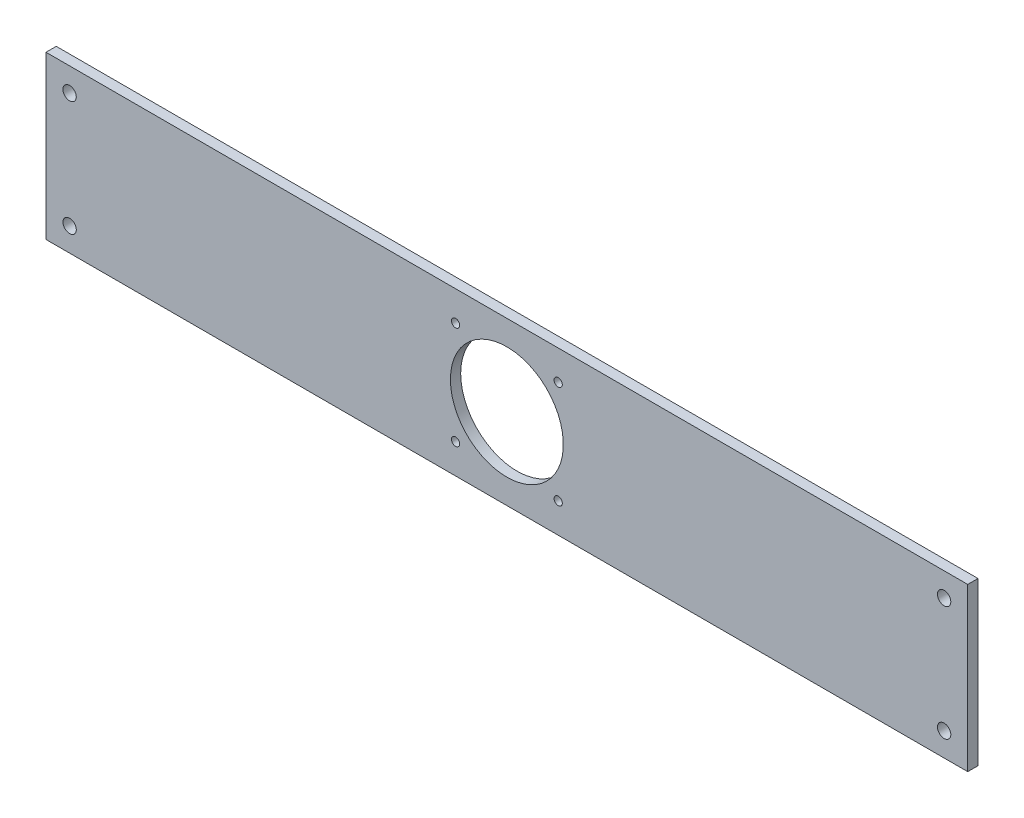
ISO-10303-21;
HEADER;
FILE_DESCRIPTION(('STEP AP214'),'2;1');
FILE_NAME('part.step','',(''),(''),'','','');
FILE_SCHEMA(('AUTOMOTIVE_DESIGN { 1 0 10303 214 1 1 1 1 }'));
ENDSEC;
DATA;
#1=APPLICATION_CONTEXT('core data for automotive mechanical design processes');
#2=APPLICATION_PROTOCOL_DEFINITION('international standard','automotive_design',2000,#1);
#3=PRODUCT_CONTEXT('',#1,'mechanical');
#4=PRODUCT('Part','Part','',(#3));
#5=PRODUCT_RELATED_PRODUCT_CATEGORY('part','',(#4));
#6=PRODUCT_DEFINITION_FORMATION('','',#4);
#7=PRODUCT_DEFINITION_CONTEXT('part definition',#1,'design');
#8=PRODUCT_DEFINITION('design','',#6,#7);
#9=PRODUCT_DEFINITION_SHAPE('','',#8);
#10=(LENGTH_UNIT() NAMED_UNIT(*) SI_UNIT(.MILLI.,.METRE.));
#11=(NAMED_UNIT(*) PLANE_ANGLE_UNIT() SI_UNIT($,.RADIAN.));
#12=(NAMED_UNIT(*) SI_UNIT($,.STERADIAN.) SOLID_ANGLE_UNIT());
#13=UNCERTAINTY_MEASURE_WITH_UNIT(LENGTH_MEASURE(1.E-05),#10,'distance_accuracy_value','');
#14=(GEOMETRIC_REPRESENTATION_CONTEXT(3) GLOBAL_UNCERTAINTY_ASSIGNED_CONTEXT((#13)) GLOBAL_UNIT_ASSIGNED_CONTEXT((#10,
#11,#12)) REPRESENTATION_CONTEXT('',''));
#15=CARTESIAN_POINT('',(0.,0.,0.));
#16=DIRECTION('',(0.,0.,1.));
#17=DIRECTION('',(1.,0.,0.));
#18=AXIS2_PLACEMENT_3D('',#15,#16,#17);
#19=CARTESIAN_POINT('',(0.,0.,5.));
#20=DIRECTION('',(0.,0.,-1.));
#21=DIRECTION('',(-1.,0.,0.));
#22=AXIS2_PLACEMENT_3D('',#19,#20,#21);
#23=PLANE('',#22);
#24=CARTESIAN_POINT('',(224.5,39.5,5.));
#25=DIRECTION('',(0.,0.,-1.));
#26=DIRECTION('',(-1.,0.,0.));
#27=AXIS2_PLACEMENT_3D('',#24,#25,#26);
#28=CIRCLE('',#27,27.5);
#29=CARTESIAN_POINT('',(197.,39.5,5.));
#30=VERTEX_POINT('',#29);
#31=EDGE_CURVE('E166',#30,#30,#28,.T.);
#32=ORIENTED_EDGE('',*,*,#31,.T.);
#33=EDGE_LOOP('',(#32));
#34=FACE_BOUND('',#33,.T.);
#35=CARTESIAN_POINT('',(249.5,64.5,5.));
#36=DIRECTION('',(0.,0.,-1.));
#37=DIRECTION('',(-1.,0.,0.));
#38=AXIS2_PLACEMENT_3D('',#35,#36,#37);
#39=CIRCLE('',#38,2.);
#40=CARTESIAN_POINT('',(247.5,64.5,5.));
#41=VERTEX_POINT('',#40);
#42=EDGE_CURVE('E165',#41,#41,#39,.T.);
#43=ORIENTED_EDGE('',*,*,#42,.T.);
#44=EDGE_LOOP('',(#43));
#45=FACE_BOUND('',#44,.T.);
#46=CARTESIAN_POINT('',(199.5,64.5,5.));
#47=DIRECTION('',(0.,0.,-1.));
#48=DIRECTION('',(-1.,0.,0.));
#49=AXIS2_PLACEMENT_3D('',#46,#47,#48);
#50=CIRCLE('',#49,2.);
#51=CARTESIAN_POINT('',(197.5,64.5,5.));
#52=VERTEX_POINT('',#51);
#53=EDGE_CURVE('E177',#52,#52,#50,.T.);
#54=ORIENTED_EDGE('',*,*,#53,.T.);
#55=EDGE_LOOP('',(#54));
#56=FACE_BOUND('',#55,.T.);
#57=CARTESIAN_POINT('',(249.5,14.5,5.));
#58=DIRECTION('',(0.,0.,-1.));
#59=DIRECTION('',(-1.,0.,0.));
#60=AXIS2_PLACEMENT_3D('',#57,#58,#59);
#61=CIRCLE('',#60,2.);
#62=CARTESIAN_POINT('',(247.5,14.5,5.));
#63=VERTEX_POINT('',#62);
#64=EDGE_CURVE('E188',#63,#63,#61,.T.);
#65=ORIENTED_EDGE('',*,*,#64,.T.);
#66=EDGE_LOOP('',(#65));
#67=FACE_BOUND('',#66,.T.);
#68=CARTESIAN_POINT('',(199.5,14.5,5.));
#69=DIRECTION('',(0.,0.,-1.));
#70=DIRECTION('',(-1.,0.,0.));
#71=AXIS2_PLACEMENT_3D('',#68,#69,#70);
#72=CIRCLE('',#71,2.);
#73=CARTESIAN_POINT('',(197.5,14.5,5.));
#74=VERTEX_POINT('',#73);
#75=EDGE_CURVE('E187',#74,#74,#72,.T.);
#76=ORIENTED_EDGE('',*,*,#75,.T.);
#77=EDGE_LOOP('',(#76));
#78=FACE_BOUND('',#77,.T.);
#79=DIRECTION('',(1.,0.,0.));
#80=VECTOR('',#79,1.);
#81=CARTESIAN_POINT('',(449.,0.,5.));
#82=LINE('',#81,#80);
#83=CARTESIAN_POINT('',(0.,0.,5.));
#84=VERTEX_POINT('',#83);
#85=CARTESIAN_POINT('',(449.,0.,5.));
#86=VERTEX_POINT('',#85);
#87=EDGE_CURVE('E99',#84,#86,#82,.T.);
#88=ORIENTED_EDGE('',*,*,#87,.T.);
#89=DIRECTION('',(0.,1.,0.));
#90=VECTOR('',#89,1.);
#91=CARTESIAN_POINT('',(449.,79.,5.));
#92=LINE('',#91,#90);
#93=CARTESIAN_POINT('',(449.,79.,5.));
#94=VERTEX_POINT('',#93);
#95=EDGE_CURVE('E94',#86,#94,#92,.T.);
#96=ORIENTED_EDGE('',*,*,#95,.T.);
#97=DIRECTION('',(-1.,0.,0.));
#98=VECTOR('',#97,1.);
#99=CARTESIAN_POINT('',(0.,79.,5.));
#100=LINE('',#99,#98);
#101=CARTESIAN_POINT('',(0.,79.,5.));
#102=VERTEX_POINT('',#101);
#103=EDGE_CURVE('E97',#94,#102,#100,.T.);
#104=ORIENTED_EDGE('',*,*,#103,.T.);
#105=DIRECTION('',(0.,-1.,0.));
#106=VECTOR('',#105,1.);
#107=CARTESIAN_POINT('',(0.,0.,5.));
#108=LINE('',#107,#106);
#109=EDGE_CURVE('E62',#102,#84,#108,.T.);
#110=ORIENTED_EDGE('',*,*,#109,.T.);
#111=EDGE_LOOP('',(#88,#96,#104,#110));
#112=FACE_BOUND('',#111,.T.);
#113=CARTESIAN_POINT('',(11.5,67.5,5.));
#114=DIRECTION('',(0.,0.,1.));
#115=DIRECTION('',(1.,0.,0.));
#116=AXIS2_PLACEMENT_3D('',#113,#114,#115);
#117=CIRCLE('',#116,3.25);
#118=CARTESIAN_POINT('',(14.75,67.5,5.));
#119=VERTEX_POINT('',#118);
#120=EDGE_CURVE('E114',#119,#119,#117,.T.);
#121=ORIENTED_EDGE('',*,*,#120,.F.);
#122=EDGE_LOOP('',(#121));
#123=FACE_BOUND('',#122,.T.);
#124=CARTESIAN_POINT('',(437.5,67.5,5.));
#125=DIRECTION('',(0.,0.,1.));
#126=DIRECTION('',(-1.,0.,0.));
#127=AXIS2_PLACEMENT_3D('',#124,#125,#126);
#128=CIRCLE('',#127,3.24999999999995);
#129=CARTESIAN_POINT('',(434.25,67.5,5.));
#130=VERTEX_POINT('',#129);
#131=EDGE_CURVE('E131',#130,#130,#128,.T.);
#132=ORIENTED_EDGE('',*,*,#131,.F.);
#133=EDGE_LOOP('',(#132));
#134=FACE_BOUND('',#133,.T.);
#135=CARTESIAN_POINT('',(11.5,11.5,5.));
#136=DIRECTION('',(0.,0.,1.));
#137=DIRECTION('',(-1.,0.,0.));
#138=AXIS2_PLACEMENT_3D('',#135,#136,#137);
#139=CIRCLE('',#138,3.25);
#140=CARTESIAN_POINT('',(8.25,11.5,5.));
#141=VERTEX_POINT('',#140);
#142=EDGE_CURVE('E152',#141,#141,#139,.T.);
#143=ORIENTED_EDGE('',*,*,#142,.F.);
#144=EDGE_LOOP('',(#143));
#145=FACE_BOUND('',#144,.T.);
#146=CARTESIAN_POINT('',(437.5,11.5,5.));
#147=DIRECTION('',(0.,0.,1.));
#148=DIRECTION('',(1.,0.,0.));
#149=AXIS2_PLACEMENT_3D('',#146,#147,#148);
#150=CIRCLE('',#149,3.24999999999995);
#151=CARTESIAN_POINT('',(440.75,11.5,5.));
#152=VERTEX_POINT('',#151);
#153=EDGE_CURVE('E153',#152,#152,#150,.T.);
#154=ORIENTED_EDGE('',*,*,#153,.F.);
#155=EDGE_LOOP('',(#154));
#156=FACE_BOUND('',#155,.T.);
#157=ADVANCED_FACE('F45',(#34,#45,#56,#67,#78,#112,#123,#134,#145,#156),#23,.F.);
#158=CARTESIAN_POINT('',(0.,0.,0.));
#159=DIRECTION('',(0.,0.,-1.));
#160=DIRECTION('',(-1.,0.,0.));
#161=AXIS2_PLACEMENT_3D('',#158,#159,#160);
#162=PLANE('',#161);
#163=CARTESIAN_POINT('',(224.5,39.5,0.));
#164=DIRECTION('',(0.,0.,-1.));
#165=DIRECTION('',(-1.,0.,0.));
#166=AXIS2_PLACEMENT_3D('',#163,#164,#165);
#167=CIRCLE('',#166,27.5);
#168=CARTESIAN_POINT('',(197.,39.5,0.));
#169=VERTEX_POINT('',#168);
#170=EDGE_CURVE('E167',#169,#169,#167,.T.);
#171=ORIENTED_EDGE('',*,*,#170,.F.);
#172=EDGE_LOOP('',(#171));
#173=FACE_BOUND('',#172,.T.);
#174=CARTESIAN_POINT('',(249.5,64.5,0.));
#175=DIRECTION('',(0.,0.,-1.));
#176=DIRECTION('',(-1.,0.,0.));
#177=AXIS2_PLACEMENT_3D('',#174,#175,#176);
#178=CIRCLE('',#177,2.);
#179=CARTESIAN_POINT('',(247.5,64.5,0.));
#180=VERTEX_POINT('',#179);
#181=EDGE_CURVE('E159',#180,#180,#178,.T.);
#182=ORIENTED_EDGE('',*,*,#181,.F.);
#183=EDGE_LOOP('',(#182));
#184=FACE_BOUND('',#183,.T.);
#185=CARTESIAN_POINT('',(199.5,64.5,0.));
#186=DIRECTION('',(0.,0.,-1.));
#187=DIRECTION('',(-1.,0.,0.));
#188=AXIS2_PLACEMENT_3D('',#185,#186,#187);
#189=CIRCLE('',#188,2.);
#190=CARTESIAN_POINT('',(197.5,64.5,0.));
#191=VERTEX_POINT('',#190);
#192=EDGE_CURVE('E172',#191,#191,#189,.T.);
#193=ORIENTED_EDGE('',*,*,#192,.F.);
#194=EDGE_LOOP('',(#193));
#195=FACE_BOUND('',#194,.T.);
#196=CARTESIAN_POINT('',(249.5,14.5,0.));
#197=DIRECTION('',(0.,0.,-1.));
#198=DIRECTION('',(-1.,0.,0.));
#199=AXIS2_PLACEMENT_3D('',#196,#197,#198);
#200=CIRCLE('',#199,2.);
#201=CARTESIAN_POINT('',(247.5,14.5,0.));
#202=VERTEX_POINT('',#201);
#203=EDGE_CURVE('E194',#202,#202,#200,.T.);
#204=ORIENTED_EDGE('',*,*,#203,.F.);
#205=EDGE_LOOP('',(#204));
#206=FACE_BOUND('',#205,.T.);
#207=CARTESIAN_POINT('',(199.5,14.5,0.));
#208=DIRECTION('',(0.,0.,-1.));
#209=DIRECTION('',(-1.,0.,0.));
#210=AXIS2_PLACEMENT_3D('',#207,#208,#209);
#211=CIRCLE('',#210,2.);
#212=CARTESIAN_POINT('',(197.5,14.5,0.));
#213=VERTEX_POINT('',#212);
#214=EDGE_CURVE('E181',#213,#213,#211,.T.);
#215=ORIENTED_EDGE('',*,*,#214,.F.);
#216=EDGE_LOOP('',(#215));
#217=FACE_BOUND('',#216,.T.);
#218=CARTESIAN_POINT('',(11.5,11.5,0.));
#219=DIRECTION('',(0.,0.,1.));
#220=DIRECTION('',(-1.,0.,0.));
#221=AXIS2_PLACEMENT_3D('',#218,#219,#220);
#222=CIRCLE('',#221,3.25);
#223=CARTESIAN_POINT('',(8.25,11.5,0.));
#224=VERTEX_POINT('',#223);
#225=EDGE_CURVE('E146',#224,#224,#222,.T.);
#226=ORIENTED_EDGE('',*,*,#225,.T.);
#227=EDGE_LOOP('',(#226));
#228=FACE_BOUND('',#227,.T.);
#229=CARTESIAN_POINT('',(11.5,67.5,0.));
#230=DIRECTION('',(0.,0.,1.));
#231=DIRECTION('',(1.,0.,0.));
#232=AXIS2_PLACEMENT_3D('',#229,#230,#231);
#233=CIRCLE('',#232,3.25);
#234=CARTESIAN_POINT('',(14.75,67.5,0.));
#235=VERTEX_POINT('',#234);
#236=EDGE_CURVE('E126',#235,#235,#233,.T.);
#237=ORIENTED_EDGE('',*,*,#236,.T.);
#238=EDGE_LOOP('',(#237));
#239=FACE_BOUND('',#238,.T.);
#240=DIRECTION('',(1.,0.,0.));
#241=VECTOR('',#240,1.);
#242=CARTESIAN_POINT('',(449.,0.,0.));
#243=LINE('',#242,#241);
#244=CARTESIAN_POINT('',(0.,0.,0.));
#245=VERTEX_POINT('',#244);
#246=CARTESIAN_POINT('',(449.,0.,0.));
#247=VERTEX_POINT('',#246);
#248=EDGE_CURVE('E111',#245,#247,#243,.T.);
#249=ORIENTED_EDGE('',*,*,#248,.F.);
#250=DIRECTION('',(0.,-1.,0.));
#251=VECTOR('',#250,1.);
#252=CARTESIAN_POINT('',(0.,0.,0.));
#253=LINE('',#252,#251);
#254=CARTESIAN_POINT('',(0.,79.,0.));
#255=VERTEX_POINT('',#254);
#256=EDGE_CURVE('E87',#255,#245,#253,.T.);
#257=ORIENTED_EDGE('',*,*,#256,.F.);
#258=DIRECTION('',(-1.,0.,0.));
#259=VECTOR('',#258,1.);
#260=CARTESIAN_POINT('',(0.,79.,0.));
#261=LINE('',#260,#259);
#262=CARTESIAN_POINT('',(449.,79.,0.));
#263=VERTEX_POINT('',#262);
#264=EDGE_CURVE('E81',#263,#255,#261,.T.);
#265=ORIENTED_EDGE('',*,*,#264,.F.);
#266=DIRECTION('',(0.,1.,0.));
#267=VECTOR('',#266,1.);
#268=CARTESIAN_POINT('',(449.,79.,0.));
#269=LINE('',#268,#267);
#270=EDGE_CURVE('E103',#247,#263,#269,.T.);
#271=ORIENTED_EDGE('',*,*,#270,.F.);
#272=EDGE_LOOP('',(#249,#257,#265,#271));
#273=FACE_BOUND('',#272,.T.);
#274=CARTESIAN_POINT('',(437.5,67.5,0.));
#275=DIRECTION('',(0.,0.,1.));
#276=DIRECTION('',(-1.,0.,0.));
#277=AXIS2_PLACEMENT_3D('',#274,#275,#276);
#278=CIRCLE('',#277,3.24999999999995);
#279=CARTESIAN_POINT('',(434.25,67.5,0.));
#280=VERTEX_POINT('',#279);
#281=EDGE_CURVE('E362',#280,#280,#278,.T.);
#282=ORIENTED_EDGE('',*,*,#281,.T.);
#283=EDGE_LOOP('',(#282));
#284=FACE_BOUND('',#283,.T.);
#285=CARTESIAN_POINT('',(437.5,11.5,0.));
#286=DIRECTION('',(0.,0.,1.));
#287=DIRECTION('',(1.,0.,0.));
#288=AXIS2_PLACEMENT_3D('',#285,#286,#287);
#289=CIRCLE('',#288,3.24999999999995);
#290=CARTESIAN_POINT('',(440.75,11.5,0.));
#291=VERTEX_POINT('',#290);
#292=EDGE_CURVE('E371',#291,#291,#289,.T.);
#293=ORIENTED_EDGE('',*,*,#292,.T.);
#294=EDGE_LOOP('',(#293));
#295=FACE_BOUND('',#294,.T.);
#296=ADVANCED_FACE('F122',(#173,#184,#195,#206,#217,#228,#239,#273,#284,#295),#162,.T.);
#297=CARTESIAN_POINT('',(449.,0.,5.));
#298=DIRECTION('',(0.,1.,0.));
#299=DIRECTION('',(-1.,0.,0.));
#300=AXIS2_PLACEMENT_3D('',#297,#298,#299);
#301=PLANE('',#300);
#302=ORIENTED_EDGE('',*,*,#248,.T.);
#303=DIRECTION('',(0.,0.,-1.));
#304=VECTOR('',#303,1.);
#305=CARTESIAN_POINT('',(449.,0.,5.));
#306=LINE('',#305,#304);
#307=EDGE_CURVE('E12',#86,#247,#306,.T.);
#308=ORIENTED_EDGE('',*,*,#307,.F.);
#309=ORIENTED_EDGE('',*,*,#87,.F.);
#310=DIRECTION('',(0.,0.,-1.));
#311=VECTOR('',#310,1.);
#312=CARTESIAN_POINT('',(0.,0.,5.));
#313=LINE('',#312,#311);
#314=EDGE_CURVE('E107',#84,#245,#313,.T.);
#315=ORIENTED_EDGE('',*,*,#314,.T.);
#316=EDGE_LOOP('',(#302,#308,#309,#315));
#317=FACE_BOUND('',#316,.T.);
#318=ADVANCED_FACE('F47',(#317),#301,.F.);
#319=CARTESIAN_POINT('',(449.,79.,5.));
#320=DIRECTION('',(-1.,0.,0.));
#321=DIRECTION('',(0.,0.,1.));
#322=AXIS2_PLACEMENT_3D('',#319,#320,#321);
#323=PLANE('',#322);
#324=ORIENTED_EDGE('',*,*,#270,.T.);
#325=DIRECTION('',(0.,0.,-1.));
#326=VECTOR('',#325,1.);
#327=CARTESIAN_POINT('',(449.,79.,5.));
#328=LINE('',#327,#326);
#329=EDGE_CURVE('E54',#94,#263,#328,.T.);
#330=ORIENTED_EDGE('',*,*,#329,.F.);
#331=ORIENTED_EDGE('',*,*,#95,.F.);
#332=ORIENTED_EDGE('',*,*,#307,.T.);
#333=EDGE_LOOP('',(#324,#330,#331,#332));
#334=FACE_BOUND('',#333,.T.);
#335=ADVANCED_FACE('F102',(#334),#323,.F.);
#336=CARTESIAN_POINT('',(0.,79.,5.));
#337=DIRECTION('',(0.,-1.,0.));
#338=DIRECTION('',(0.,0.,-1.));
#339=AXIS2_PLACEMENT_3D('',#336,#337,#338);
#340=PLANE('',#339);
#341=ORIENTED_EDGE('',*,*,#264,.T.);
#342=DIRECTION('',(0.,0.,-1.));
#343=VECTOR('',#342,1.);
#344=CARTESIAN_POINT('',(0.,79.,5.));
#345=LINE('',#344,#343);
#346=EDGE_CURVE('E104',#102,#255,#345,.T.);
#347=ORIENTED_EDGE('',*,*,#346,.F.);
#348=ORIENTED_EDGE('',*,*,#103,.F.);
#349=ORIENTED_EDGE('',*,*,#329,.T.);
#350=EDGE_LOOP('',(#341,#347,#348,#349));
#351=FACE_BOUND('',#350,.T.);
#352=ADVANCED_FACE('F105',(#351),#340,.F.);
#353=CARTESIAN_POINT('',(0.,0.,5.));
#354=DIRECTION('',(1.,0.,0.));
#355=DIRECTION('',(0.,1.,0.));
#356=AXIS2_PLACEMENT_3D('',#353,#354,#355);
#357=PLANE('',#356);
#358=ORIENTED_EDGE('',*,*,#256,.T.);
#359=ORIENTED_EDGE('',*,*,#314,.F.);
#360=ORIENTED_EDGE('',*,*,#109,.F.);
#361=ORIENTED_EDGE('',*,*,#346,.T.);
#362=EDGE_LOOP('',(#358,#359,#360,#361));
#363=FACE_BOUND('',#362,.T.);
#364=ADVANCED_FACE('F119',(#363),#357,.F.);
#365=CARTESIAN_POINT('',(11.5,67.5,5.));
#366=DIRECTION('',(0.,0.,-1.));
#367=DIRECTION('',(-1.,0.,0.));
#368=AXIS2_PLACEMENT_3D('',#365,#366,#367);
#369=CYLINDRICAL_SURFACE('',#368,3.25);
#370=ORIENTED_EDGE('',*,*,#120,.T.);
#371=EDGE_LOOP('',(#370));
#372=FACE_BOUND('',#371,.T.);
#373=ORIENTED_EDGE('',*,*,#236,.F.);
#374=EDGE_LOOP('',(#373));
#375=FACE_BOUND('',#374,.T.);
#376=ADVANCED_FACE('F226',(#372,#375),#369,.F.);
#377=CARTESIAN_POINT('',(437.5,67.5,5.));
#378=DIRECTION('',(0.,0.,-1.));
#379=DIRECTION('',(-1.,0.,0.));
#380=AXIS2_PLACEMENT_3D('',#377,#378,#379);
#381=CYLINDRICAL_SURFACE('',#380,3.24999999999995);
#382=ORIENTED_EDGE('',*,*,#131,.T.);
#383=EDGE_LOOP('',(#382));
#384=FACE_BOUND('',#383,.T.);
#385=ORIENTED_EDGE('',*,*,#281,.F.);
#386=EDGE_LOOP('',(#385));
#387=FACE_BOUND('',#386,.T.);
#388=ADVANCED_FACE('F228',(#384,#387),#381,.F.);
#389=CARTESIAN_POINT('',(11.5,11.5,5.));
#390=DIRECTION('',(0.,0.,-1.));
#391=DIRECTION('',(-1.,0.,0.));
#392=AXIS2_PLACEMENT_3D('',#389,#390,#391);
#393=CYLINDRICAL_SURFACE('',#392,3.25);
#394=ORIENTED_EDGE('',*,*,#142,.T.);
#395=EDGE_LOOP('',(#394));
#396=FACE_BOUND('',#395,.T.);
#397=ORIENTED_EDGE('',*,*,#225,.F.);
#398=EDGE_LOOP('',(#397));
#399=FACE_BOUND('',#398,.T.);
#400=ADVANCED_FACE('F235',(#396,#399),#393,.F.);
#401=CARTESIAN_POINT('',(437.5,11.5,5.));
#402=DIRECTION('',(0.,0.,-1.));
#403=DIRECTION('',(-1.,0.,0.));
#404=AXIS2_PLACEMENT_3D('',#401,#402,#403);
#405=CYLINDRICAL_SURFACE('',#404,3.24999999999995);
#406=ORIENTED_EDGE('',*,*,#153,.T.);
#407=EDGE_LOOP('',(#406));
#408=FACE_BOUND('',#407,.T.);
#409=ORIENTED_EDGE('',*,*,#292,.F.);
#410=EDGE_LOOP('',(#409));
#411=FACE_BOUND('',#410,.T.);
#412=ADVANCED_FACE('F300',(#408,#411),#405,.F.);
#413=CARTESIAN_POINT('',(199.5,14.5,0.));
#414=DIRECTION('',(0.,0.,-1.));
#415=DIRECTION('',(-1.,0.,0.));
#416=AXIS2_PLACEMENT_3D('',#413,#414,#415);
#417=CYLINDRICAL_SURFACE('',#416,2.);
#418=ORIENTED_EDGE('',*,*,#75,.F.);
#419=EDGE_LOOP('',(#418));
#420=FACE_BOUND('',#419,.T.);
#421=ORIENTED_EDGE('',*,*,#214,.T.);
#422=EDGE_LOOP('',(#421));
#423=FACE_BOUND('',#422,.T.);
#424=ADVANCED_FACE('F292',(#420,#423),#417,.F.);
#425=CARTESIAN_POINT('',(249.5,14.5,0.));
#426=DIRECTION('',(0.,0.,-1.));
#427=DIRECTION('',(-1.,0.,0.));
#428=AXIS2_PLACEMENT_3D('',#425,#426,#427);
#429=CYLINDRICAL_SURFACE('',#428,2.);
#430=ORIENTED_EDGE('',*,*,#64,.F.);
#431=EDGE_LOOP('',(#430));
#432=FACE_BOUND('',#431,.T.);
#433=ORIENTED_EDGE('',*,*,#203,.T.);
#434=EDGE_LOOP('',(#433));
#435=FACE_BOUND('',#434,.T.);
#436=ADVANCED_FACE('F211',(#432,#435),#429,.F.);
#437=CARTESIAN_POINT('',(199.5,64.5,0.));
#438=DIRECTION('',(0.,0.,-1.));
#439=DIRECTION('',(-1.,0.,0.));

---------------

» What the exercise asks
Say how many lines in the records contain the word "mechanical". Nothing but the number is required.

» Response area
2